> _RECORD EXCERPTS_
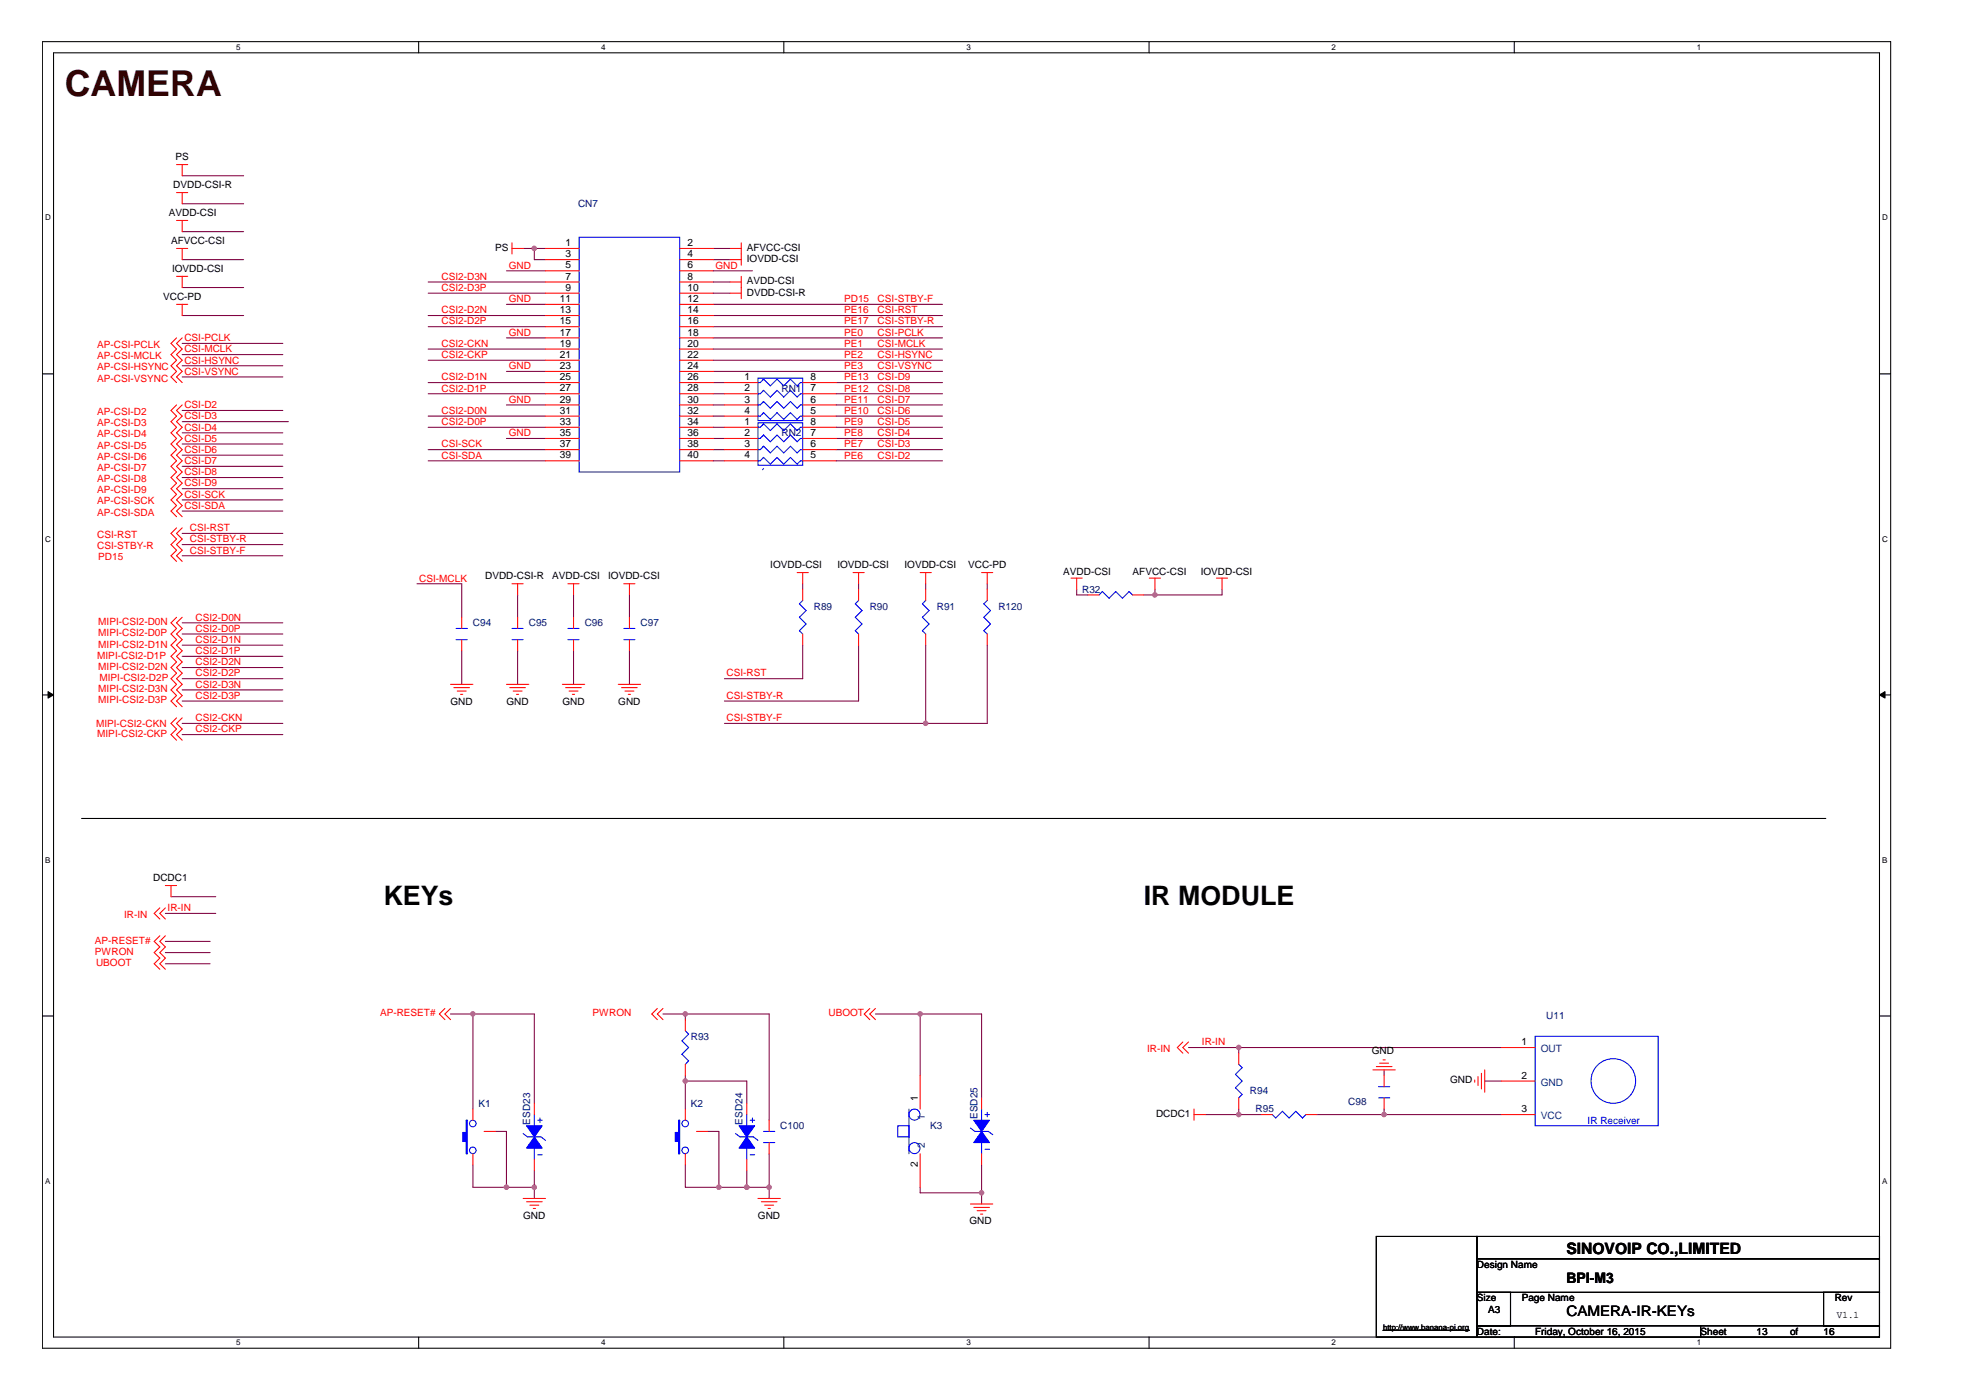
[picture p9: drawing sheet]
<svg xmlns="http://www.w3.org/2000/svg" width="297mm" height="210mm" viewBox="0 0 297 210" stroke-linecap="round" stroke-linejoin="round" font-family="sans-serif">
<path d="M6.3 6.2h277.1v195.9h-277.1zM8 7.9h273.7v192.6h-273.7z" fill="none" stroke="#000" stroke-width=".16"/>
<g fill="#fff">
<path d="M35.4 6.4h.7v1.4h-.7z"/>
<path d="M35.4 200.6h.7v1.4h-.7z"/>
</g>
<path d="M62.7 6.2v1.7M62.7 200.5v1.6" fill="none" stroke="#000" stroke-width=".16"/>
<g fill="#fff">
<path d="M90.1 6.4h.7v1.4h-.7z"/>
<path d="M90.1 200.6h.7v1.4h-.7z"/>
</g>
<path d="M117.5 6.2v1.7M117.5 200.5v1.6" fill="none" stroke="#000" stroke-width=".16"/>
<g fill="#fff">
<path d="M144.8 6.4h.7v1.4h-.7z"/>
<path d="M144.8 200.6h.7v1.4h-.7z"/>
</g>
<path d="M172.2 6.2v1.7M172.2 200.5v1.6" fill="none" stroke="#000" stroke-width=".16"/>
<g fill="#fff">
<path d="M199.6 6.4h.6v1.4h-.6z"/>
<path d="M199.6 200.6h.6v1.4h-.6z"/>
</g>
<path d="M226.9 6.2v1.7M226.9 200.5v1.6" fill="none" stroke="#000" stroke-width=".16"/>
<g fill="#fff">
<path d="M254.3 6.4h.7v1.4h-.7z"/>
<path d="M254.3 200.6h.7v1.4h-.7z"/>
<path d="M6.8 32h.8v1.3h-.8z"/>
<path d="M282.1 32h.9v1.3h-.9z"/>
<path d="M6.8 80.1h.8v1.4h-.8z"/>
<path d="M282.1 80.1h.9v1.4h-.9z"/>
</g>
<path d="M6.3 56.1h1.7M281.7 56.1h1.7" fill="none" stroke="#000" stroke-width=".16"/>
<g fill="#fff">
<path d="M6.8 128.3h.8v1.3h-.8z"/>
<path d="M282.1 128.3h.8v1.3h-.8z"/>
</g>
<path d="M6.3 104.2h1.7M281.7 104.2h1.7" fill="none" stroke="#000" stroke-width=".16"/>
<g fill="#000" stroke="#000" stroke-width=".15">
<path d="M7.2 103.7l.8 .5-.8 .5z" fill-rule="evenodd"/>
<path d="M281.7 104.2l.8-.5v1z" fill-rule="evenodd"/>
</g>
<g fill="#fff">
<path d="M6.8 176.4h.8v1.3h-.8z"/>
<path d="M282.1 176.4h.8v1.3h-.8z"/>
</g>
<path d="M12.2 122.7h261.4M6.3 152.3h1.7M281.7 152.3h1.7M206.3 185.4h15.1v15.1h-15.1zM221.4 185.4h60.3v3.3h-60.3zM221.4 188.7h60.3v5.1h-60.3zM221.4 193.8h5v5h-5zM221.4 198.8h33.5v1.7h-33.5zM254.9 198.8h26.8v1.7h-26.8zM273.3 193.8h8.4v5h-8.4z" fill="none" stroke="#000" stroke-width=".16"/>
<g fill="none" stroke="#800040" stroke-width=".16">
<path d="M27.3 38.9h9.2M27.3 26.4h9.2M27.3 30.6h9.2M27.3 34.7h9.2M78.4 37.3h3.4M80.1 37.3v1.6h1.7M106.9 37.3h2.5M106.9 38.9h2.5M27.3 53.2h15.1M27.3 54.8h15.1M27.3 56.5h15.1M27.3 51.5h15.1"/>
<path d="M27.3 43.1h9.2M27.3 47.3h9.2M64.2 57.4h17.6M64.2 59h17.6M64.2 54h17.6M64.2 52.3h17.6M64.2 47.3h17.6M64.2 49h17.6M64.2 44h17.6M64.2 42.3h17.6M75.9 55.7h5.9M75.9 50.7h5.9"/>
<path d="M75.9 40.6h5.9M75.9 45.6h5.9M106.9 57.4h1.7M106.9 59h1.7M106.9 55.7h34.4M106.9 54h34.4M106.9 52.3h34.4M106.9 50.7h34.4M106.9 47.3h34.4M106.9 49h34.4M106.9 44h2.5M106.9 42.3h2.5"/>
<path d="M106.9 40.6h5.9M106.9 45.6h34.4M125.3 57.4h16M125.3 59h16M27.3 74.9h15.1M27.3 76.6h15.1M27.3 61.5h15.1M27.3 63.2h15.9M27.3 64.9h15.1M27.3 66.6h15.1M27.3 68.2h15.1M27.3 69.9h15.1"/>
<path d="M27.3 71.6h15.1M27.3 73.3h15.1M27.3 80h15.1M64.2 64.1h17.6M64.2 67.4h17.6M64.2 69.1h17.6M64.2 62.4h17.6M75.9 65.7h5.9M75.9 60.7h5.9M106.9 64.1h1.7M106.9 65.7h1.7M106.9 67.4h1.7"/>
<path d="M106.9 69.1h1.7M106.9 60.7h1.7M106.9 62.4h1.7M125.3 64.1h16M125.3 65.7h16M125.3 67.4h16M125.3 69.1h16M125.3 60.7h16M125.3 62.4h16M27.3 93.4h15.1M27.3 95.1h15.1M27.3 96.7h15.1"/>
<path d="M27.3 98.4h15.1M27.3 81.7h15.1M27.3 83.3h15.1M62.5 87.5h6.7v5.1M69.2 97.6v5M77.6 89.2v3.4M77.6 97.6v5M86 89.2v3.4M86 97.6v5M94.3 89.2v3.4M94.3 97.6v5M120.3 96.7v5.1h-11.7"/>
<path d="M120.3 87.5v.9M128.7 96.7v8.4h-20.1M128.7 87.5v.9M138.7 87.5v.9M138.7 96.7v11.8M148 96.7v11.8h-39.4M148 87.5v.9M161.4 88.4v.8h1.6M173.1 88.4v.8M183.1 88.4v.8h-11.7M27.3 108.5h15.1M27.3 110.1h15.1"/>
<path d="M27.3 100.1h15.1M27.3 101.8h15.1M27.3 103.4h15.1M27.3 105.1h15.1M24.8 136.9h7.5M25.6 134.4h6.7M24.8 141.1h6.7M24.8 142.8h6.7M24.8 144.5h6.7M67.5 152h12.6v13.4M70.9 152v14.3M99.4 152h15.9v16"/>
<path d="M102.7 152v.9M131.2 152h15.9v12.6M137.9 152v9.3M178.1 157.1h46.9M185.6 157.1v.8M70.9 174.7v3.3h9.2M74.2 169.6h1.7v8.4M80.1 175.5v4.2M102.7 162.1h9.2v3.3M102.7 174.7v3.3h12.6M102.7 161.3v5M106.1 169.6h1.6v8.4"/>
<path d="M111.9 175.5v2.5M115.3 173v6.7M137.9 178v.8h9.2M147.1 174.7v5.8M180.6 167.1h8.4M185.6 166.3v.8M197.4 167.1h27.6M207.4 160.4v.9M207.4 166.3v.8M222.5 162.1h2.5"/>
</g>
<g fill="#f0f" stroke="#f0f" stroke-width=".16">
<circle cx="80.1" cy="37.2" r=".33"/>
<circle cx="185.6" cy="157" r=".33"/>
<circle cx="185.6" cy="167.1" r=".33"/>
<circle cx="207.4" cy="167.1" r=".33"/>
<circle cx="70.9" cy="152" r=".33"/>
<circle cx="80.1" cy="178" r=".33"/>
<circle cx="75.9" cy="178" r=".33"/>
<circle cx="115.3" cy="178" r=".33"/>
<circle cx="102.7" cy="152" r=".33"/>
<circle cx="111.9" cy="178" r=".33"/>
<circle cx="107.7" cy="178" r=".33"/>
<circle cx="137.9" cy="152" r=".33"/>
<circle cx="147.1" cy="178.8" r=".33"/>
<circle cx="102.7" cy="162.1" r=".33"/>
<circle cx="173.1" cy="89.2" r=".33"/>
<circle cx="138.7" cy="108.5" r=".33"/>
</g>
<g fill="none" stroke="#f00" stroke-width=".16">
<path d="M26.5 37.3h1.6M26.5 24.7h1.6M26.5 28.9h1.6M26.5 33.1h1.6M27.3 24.7v1.7M27.3 28.9v1.7M27.3 33.1v1.6M27.3 37.3v1.6M76.7 37.3h1.7M76.7 36.4v1.7M81.8 37.3h5M81.8 38.9h5"/>
<path d="M101.9 37.3h5M101.9 38.9h5M109.4 37.3h1.7M109.4 38.9h1.7M111.1 36.4v3.4M26.5 41.4h1.6M26.5 45.6h1.6M26.5 50.7l-.9 .8 .9 .8-.9 .9 .9 .8-.9 .8 .9 .9-.9 .8 .9 .9M27.3 41.4v1.7M27.3 45.6v1.7M27.3 50.7l-.8 .8 .8 .8-.8 .9 .8 .8-.8 .8 .8 .9-.8 .8 .8 .9M81.8 44h5"/>
<path d="M81.8 42.3h5M81.8 45.6h5M81.8 40.6h5M81.8 47.3h5M81.8 49h5M81.8 50.7h5M81.8 52.3h5M81.8 54h5M81.8 55.7h5M81.8 57.4h5M81.8 59h5M101.9 44h5"/>
<path d="M101.9 42.3h5M101.9 45.6h5M101.9 40.6h5M101.9 47.3h5M101.9 49h5M101.9 50.7h5M101.9 52.3h5M101.9 54h5M101.9 55.7h5M101.9 57.4h5M101.9 59h5M108.6 57.4h5"/>
<path d="M108.6 59h5M109.4 44h1.7M109.4 42.3h1.7M111.1 41.4v3.4M120.3 57.4h5M120.3 59h5M26.5 60.7l-.9 .8 .9 .9-.9 .8 .9 .9-.9 .8 .9 .8-.9 .9 .9 .8-.9 .8 .9 .9-.9 .8 .9 .9-.9 .8 .9 .8-.9 .9 .9 .8-.9 .8 .9 .9-.9 .8 .9 .9M26.5 79.1l-.9 .9 .9 .8-.9 .9 .9 .8-.9 .8 .9 .9M27.3 60.7l-.8 .8 .8 .9-.8 .8 .8 .9-.8 .8 .8 .8-.8 .9 .8 .8-.8 .8 .8 .9-.8 .8 .8 .9-.8 .8 .8 .8-.8 .9 .8 .8-.8 .8 .8 .9-.8 .8 .8 .9M27.3 79.1l-.8 .9 .8 .8-.8 .9 .8 .8-.8 .8 .8 .9M81.8 64.1h5M81.8 65.7h5"/>
<path d="M81.8 67.4h5M81.8 69.1h5M81.8 60.7h5M81.8 62.4h5M101.9 64.1h5M101.9 65.7h5M101.9 67.4h5M101.9 69.1h5M101.9 60.7h5M101.9 62.4h5M108.6 64.1h5M108.6 65.7h5"/>
<path d="M108.6 67.4h5M108.6 69.1h5M108.6 60.7h5M108.6 62.4h5M120.3 64.1h5M120.3 65.7h5M120.3 67.4h5M120.3 69.1h5M120.3 60.7h5M120.3 62.4h5M26.5 92.6l-.9 .8 .9 .8-.9 .9 .9 .8-.9 .8 .9 .9-.9 .8 .9 .9-.9 .8 .9 .8-.9 .9 .9 .8-.9 .8 .9 .9-.9 .8 .9 .9M27.3 92.6l-.8 .8 .8 .8-.8 .9 .8 .8-.8 .8 .8 .9-.8 .8 .8 .9-.8 .8 .8 .8-.8 .9 .8 .8-.8 .8 .8 .9-.8 .8 .8 .9"/>
<path d="M69.2 92.6v1.6M69.2 95.9v1.7M76.7 87.5h1.7M77.6 87.5v1.7M77.6 92.6v1.6M77.6 95.9v1.7M85.1 87.5h1.7M86 87.5v1.7M86 92.6v1.6M86 95.9v1.7M93.5 87.5h1.7M94.3 87.5v1.7"/>
<path d="M94.3 92.6v1.6M94.3 95.9v1.7M119.5 85.8h1.6M120.3 85.8v1.7M120.3 88.4v1.6M120.3 95.1v1.6M127.8 85.8h1.7M128.7 85.8v1.7M128.7 88.4v1.6M128.7 95.1v1.6M137.9 85.8h1.7M138.7 85.8v1.7"/>
<path d="M138.7 88.4v1.6M138.7 95.1v1.6M147.1 85.8h1.7M148 85.8v1.7M148 88.4v1.6M148 95.1v1.6M160.5 86.7h1.7M161.4 86.7v1.7M163 89.2h1.7M169.7 89.2h1.7M172.2 86.7h1.7M173.1 86.7v1.7"/>
<path d="M182.3 86.7h1.7M183.1 86.7v1.7M26.5 107.6l-.9 .9 .9 .8-.9 .8 .9 .9M27.3 107.6l-.8 .9 .8 .8-.8 .8 .8 .9M67.5 102.6h3.4M68 103.1h2.4M68.5 103.6h1.4M69 104.1h.4M75.9 102.6h3.4M76.4 103.1h2.3M76.9 103.6h1.3M77.4 104.1h.3"/>
<path d="M84.3 102.6h3.3M84.8 103.1h2.3M85.3 103.6h1.3M85.8 104.1h.3M92.7 102.6h3.3M93.2 103.1h2.3M93.7 103.6h1.3M94.2 104.1h.3M24 136.1l-.9 .8 .9 .9M24.8 132.8h1.7M24.8 136.1l-.8 .8 .8 .9M25.6 132.8v1.6"/>
<path d="M24 140.3l-.9 .8 .9 .9-.9 .8 .9 .9-.9 .8 .9 .8M24.8 140.3l-.8 .8 .8 .9-.8 .8 .8 .9-.8 .8 .8 .8M66.7 151.2l-.9 .8 .9 .9M67.5 151.2l-.8 .8 .8 .9M98.5 151.2l-.8 .8 .8 .9M99.4 151.2l-.9 .8 .9 .9M102.7 152.9v1.7M102.7 159.6v1.7M130.4 151.2l-.9 .8 .9 .9M131.2 151.2l-.8 .8 .8 .9M177.3 156.2l-.9 .9 .9 .8M178.1 156.2l-.8 .9 .8 .8"/>
<path d="M185.6 157.9v1.7M206.3 159.9h2.3M206.8 159.4h1.3M207.3 158.9h.3M225 157.1h5.1M70.9 166.3v1.7M70.9 173v1.7M72.5 169.6h1.7M78.4 179.7h3.4M80.1 165.4v1.7M80.1 173.8v1.7M102.7 166.3v1.7"/>
<path d="M102.7 173v1.7M104.4 169.6h1.7M111.9 165.4v1.7M111.9 173.8v1.7M113.6 179.7h3.3M115.3 168v1.6M115.3 171.3v1.7M137.9 161.3v5M137.9 173v5M147.1 164.6v1.7M147.1 173v1.7M178.9 167.1h1.7"/>
<path d="M178.9 166.3v1.7M185.6 164.6v1.7M189 167.1h1.7M195.7 167.1h1.7M205.8 160.4h3.3M207.4 161.3v1.6M207.4 164.6v1.7M221 161.9v.4M221.5 161.4v1.4M222 160.9v2.4M222.5 160.4v3.4M225 167.1h5.1"/>
<path d="M225 162.1h5.1M78.9 180.2h2.4M79.4 180.7h1.4M79.9 181.2h.4M114.1 180.2h2.4M114.6 180.7h1.3M115.1 181.2h.3M145.4 180.5h3.4M145.9 181h2.4M146.4 181.5h1.4M146.9 182h.4"/>
</g>
<path d="M207.3 199.5h12.9" fill="none" stroke="#000" stroke-width=".18"/>
<g fill="#00f" stroke="#00f" stroke-width=".16">
<path d="M145.9 168h2.4l-1.2 1.6z" fill-rule="evenodd"/>
<path d="M147.1 169.6l1.2 1.7h-2.4z" fill-rule="evenodd"/>
<path d="M78.9 168.8h2.4l-1.2 1.7z" fill-rule="evenodd"/>
<path d="M80.1 170.5l1.2 1.6h-2.4z" fill-rule="evenodd"/>
<path d="M69.9 168h.1v5h-.1v-1.9h-.5v-1.3h.5z" fill-rule="evenodd"/>
<path d="M101.7 168h.2v5h-.2v-1.9h-.5v-1.3h.5z" fill-rule="evenodd"/>
<path d="M110.8 168.8h2.3l-1.2 1.7z" fill-rule="evenodd"/>
<path d="M111.9 170.5l1.2 1.6h-2.3z" fill-rule="evenodd"/>
</g>
<g fill="none" stroke="#00f" stroke-width=".16">
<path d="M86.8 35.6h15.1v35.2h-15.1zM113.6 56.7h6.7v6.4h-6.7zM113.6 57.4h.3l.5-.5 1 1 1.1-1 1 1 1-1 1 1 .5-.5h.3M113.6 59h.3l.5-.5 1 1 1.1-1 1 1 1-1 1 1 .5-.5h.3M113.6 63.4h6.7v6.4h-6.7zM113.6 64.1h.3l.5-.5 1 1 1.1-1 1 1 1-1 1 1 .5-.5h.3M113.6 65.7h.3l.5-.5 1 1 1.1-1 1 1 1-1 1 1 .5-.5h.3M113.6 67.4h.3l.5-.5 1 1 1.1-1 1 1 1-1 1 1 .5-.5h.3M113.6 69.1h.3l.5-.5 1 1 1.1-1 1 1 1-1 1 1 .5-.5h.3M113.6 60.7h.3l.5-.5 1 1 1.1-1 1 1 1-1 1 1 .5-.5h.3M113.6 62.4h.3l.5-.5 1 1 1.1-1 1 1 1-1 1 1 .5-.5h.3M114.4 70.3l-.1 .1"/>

> _TASK OBJECTIVE_
Give only the lines from the one holding "38.9h9.2M27.3 26.4h9.2M27.3 30.6h9.2M27.3" through the one holding "87.5v.9M128.7 96.7v8.4h-20.1M128.7 87.5v.9M138.7", each restated exactly as it appears above.

> _EXERCISE ANSWER_
<path d="M27.3 38.9h9.2M27.3 26.4h9.2M27.3 30.6h9.2M27.3 34.7h9.2M78.4 37.3h3.4M80.1 37.3v1.6h1.7M106.9 37.3h2.5M106.9 38.9h2.5M27.3 53.2h15.1M27.3 54.8h15.1M27.3 56.5h15.1M27.3 51.5h15.1"/>
<path d="M27.3 43.1h9.2M27.3 47.3h9.2M64.2 57.4h17.6M64.2 59h17.6M64.2 54h17.6M64.2 52.3h17.6M64.2 47.3h17.6M64.2 49h17.6M64.2 44h17.6M64.2 42.3h17.6M75.9 55.7h5.9M75.9 50.7h5.9"/>
<path d="M75.9 40.6h5.9M75.9 45.6h5.9M106.9 57.4h1.7M106.9 59h1.7M106.9 55.7h34.4M106.9 54h34.4M106.9 52.3h34.4M106.9 50.7h34.4M106.9 47.3h34.4M106.9 49h34.4M106.9 44h2.5M106.9 42.3h2.5"/>
<path d="M106.9 40.6h5.9M106.9 45.6h34.4M125.3 57.4h16M125.3 59h16M27.3 74.9h15.1M27.3 76.6h15.1M27.3 61.5h15.1M27.3 63.2h15.9M27.3 64.9h15.1M27.3 66.6h15.1M27.3 68.2h15.1M27.3 69.9h15.1"/>
<path d="M27.3 71.6h15.1M27.3 73.3h15.1M27.3 80h15.1M64.2 64.1h17.6M64.2 67.4h17.6M64.2 69.1h17.6M64.2 62.4h17.6M75.9 65.7h5.9M75.9 60.7h5.9M106.9 64.1h1.7M106.9 65.7h1.7M106.9 67.4h1.7"/>
<path d="M106.9 69.1h1.7M106.9 60.7h1.7M106.9 62.4h1.7M125.3 64.1h16M125.3 65.7h16M125.3 67.4h16M125.3 69.1h16M125.3 60.7h16M125.3 62.4h16M27.3 93.4h15.1M27.3 95.1h15.1M27.3 96.7h15.1"/>
<path d="M27.3 98.4h15.1M27.3 81.7h15.1M27.3 83.3h15.1M62.5 87.5h6.7v5.1M69.2 97.6v5M77.6 89.2v3.4M77.6 97.6v5M86 89.2v3.4M86 97.6v5M94.3 89.2v3.4M94.3 97.6v5M120.3 96.7v5.1h-11.7"/>
<path d="M120.3 87.5v.9M128.7 96.7v8.4h-20.1M128.7 87.5v.9M138.7 87.5v.9M138.7 96.7v11.8M148 96.7v11.8h-39.4M148 87.5v.9M161.4 88.4v.8h1.6M173.1 88.4v.8M183.1 88.4v.8h-11.7M27.3 108.5h15.1M27.3 110.1h15.1"/>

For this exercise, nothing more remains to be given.